# [Aporte] Fuente regulada HV como para equipos valvulares



## Fogonazo (May 27, 2019)

Me encontré en una revista un interesante agregado como para un valvular, una fuente regulada estabilizada en base a un MOSFET de potencia y alta tensión con unas características muy interesantes, dignas de ser agregadas a un próximo proyecto.

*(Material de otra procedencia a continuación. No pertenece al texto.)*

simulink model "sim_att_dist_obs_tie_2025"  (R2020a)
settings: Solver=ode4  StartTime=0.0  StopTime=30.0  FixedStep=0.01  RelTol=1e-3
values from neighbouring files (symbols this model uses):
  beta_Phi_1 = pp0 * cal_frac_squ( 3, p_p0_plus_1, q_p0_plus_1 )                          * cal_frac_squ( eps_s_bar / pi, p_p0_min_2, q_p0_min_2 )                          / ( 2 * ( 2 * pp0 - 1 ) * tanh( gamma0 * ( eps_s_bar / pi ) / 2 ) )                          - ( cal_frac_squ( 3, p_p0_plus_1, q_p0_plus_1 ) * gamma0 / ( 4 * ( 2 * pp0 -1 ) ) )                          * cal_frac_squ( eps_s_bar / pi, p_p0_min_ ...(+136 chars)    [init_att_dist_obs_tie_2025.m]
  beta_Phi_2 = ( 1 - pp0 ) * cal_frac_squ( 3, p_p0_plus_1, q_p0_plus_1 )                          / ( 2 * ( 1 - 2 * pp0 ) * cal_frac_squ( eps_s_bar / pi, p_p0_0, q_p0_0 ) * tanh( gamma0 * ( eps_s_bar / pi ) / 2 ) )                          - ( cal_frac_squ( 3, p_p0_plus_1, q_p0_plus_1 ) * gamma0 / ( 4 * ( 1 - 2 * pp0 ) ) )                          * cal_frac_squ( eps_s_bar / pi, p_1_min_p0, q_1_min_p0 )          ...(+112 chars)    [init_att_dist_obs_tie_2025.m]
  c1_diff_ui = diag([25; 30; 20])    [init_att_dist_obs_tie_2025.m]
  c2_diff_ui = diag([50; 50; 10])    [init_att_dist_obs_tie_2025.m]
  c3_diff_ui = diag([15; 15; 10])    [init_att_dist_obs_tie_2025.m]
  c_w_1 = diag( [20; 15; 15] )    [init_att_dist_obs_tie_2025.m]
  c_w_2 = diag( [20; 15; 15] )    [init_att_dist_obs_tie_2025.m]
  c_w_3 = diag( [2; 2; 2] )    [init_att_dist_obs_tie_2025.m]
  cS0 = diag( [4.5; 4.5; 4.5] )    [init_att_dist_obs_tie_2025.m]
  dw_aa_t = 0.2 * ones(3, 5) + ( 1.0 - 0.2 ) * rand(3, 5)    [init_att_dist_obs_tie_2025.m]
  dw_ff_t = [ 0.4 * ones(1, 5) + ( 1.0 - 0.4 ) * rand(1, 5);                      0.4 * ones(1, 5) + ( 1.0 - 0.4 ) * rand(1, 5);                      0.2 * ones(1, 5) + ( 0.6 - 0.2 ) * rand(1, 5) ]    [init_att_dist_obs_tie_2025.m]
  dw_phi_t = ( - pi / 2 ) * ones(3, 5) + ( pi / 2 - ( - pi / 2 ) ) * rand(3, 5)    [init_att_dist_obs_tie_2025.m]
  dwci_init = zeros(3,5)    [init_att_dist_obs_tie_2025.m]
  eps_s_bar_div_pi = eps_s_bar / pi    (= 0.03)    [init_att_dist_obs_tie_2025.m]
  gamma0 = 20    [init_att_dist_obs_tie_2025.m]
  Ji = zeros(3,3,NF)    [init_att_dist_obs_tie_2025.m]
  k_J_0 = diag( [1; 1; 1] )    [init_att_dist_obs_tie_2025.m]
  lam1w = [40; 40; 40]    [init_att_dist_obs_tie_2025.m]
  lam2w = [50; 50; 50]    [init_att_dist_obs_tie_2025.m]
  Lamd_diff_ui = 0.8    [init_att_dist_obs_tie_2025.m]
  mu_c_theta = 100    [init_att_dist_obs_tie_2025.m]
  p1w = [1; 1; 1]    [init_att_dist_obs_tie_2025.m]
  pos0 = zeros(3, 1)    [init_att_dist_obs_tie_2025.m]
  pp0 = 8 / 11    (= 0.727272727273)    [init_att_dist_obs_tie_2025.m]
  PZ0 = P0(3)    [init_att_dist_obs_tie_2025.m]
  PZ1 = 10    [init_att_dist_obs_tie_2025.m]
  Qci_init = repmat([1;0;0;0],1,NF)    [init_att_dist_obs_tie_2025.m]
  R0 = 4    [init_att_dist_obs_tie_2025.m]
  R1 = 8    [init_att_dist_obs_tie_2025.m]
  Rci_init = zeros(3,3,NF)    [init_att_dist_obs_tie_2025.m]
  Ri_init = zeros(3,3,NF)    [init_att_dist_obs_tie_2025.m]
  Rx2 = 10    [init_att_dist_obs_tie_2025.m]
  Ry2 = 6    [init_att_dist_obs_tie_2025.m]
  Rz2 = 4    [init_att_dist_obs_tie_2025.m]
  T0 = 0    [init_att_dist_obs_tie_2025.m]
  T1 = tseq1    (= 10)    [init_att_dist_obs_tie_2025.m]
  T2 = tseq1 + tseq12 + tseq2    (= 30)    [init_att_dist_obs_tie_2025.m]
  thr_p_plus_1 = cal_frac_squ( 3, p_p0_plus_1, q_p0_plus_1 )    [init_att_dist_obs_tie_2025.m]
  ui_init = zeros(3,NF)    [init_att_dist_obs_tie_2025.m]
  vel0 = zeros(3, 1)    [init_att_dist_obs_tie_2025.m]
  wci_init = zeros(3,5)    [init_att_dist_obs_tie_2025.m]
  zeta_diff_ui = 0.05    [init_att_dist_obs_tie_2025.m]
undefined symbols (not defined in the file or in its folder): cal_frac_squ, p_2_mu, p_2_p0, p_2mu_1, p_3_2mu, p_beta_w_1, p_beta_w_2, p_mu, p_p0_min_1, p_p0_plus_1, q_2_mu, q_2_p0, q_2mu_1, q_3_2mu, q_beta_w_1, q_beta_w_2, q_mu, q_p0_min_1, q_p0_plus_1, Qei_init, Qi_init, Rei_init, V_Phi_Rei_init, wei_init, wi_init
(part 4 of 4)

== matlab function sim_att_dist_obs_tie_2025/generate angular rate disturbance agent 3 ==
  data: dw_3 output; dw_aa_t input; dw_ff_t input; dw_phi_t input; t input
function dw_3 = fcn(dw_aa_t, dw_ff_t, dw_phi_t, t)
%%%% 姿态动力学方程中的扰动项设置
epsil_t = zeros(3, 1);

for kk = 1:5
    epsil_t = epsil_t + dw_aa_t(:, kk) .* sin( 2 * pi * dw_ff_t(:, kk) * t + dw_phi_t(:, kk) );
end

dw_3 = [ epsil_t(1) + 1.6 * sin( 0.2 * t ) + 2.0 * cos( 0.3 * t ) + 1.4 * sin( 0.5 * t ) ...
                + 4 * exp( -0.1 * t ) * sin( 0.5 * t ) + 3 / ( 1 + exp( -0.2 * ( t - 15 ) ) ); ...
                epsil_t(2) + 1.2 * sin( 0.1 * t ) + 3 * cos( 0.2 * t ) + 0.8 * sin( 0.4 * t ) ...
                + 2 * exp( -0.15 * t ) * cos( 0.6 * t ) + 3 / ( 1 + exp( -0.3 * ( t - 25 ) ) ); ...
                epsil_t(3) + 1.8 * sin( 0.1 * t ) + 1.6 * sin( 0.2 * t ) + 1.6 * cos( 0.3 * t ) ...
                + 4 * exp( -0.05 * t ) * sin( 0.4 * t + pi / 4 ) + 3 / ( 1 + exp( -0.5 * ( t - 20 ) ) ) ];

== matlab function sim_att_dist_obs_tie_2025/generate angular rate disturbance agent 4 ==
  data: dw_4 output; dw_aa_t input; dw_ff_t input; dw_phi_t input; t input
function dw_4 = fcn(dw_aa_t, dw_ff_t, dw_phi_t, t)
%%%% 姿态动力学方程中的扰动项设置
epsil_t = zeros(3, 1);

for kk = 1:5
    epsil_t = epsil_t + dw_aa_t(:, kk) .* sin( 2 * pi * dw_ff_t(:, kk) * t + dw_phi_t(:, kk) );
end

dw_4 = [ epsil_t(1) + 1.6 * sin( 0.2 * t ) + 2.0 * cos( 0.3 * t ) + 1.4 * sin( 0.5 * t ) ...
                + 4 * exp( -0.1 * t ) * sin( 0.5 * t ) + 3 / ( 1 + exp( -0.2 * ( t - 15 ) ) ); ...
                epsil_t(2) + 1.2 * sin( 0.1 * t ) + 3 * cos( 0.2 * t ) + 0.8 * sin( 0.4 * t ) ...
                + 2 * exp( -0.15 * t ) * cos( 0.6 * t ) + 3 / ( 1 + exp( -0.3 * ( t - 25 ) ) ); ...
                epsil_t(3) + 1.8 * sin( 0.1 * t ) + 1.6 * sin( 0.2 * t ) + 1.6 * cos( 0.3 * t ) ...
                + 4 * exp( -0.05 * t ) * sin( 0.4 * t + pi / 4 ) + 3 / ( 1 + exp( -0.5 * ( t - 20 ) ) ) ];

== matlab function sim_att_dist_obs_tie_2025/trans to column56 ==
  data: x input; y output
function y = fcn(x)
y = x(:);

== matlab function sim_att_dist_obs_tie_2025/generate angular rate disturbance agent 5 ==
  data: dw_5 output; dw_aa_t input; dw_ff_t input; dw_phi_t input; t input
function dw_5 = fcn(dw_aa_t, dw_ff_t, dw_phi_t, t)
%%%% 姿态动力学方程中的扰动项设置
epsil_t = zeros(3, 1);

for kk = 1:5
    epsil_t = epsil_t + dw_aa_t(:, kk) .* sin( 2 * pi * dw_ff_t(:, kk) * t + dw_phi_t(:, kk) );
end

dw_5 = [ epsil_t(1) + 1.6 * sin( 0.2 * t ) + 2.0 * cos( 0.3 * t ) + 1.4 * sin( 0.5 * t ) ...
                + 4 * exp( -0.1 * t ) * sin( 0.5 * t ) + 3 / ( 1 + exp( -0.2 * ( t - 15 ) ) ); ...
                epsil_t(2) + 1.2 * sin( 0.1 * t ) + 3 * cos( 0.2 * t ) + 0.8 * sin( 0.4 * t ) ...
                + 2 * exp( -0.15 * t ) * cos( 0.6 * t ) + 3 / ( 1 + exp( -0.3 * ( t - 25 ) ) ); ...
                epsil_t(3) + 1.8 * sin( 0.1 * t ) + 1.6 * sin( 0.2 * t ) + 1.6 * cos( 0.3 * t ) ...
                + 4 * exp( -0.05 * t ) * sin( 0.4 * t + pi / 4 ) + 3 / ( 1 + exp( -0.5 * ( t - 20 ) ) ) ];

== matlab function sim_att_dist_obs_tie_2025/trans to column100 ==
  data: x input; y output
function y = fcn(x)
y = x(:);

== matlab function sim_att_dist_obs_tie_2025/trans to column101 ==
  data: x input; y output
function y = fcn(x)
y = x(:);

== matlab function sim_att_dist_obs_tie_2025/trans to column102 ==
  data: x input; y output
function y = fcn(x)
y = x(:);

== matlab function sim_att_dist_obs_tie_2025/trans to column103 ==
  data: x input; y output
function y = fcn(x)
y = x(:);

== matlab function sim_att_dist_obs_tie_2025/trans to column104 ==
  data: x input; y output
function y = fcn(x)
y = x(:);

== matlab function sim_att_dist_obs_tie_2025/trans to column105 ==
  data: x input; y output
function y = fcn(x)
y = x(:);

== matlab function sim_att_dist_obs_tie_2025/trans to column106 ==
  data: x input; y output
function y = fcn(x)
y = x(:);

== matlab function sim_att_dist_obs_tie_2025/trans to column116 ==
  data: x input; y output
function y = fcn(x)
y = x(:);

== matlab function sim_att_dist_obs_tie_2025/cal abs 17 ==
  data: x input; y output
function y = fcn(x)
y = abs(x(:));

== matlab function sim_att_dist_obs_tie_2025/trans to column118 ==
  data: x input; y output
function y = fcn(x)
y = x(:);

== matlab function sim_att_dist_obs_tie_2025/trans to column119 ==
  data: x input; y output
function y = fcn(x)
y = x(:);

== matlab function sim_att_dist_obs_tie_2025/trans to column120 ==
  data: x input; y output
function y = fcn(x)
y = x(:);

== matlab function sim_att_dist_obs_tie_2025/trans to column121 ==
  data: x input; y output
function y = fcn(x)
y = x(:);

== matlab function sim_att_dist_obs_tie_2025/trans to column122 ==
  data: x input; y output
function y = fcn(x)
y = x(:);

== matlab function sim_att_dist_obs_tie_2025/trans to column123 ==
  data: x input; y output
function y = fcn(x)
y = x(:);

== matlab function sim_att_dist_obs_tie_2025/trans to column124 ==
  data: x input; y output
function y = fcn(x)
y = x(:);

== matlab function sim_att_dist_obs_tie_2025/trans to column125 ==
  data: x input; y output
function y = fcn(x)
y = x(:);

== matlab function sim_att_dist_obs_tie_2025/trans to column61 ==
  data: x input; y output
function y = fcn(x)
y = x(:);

​Espero que NO sea necesario aclarar que la fuente de tensión alterna en serie con la de contínua que aparece en la simulación fue colocada allí para comprobar el nivel de rechazo a la alterna 

*OJO al piojo*, el MOSFET es bastante específico y *NO *puede ser reemplazado por "Cualquier cosa"


----------



## diegomj1973 (May 27, 2019)

Simple y muy efectiva.

Un pequeño truquito: si se intercambian las posiciones de C1 y C2, se ganan entre unos 5 a 6 dB adicionales de atenuación de ripple en la banda de audio.


----------



## Fogonazo (May 27, 2019)

diegomj1973 dijo:


> Simple y muy efectiva.
> 
> Un pequeño truquito: si se intercambian las posiciones de C1 y C2, se ganan entre unos 5 a 6 dB de atenuación de ripple en la banda de audio.


Sip, lo comprobé en la simulación, pero preferí respetar el diagrama original.


----------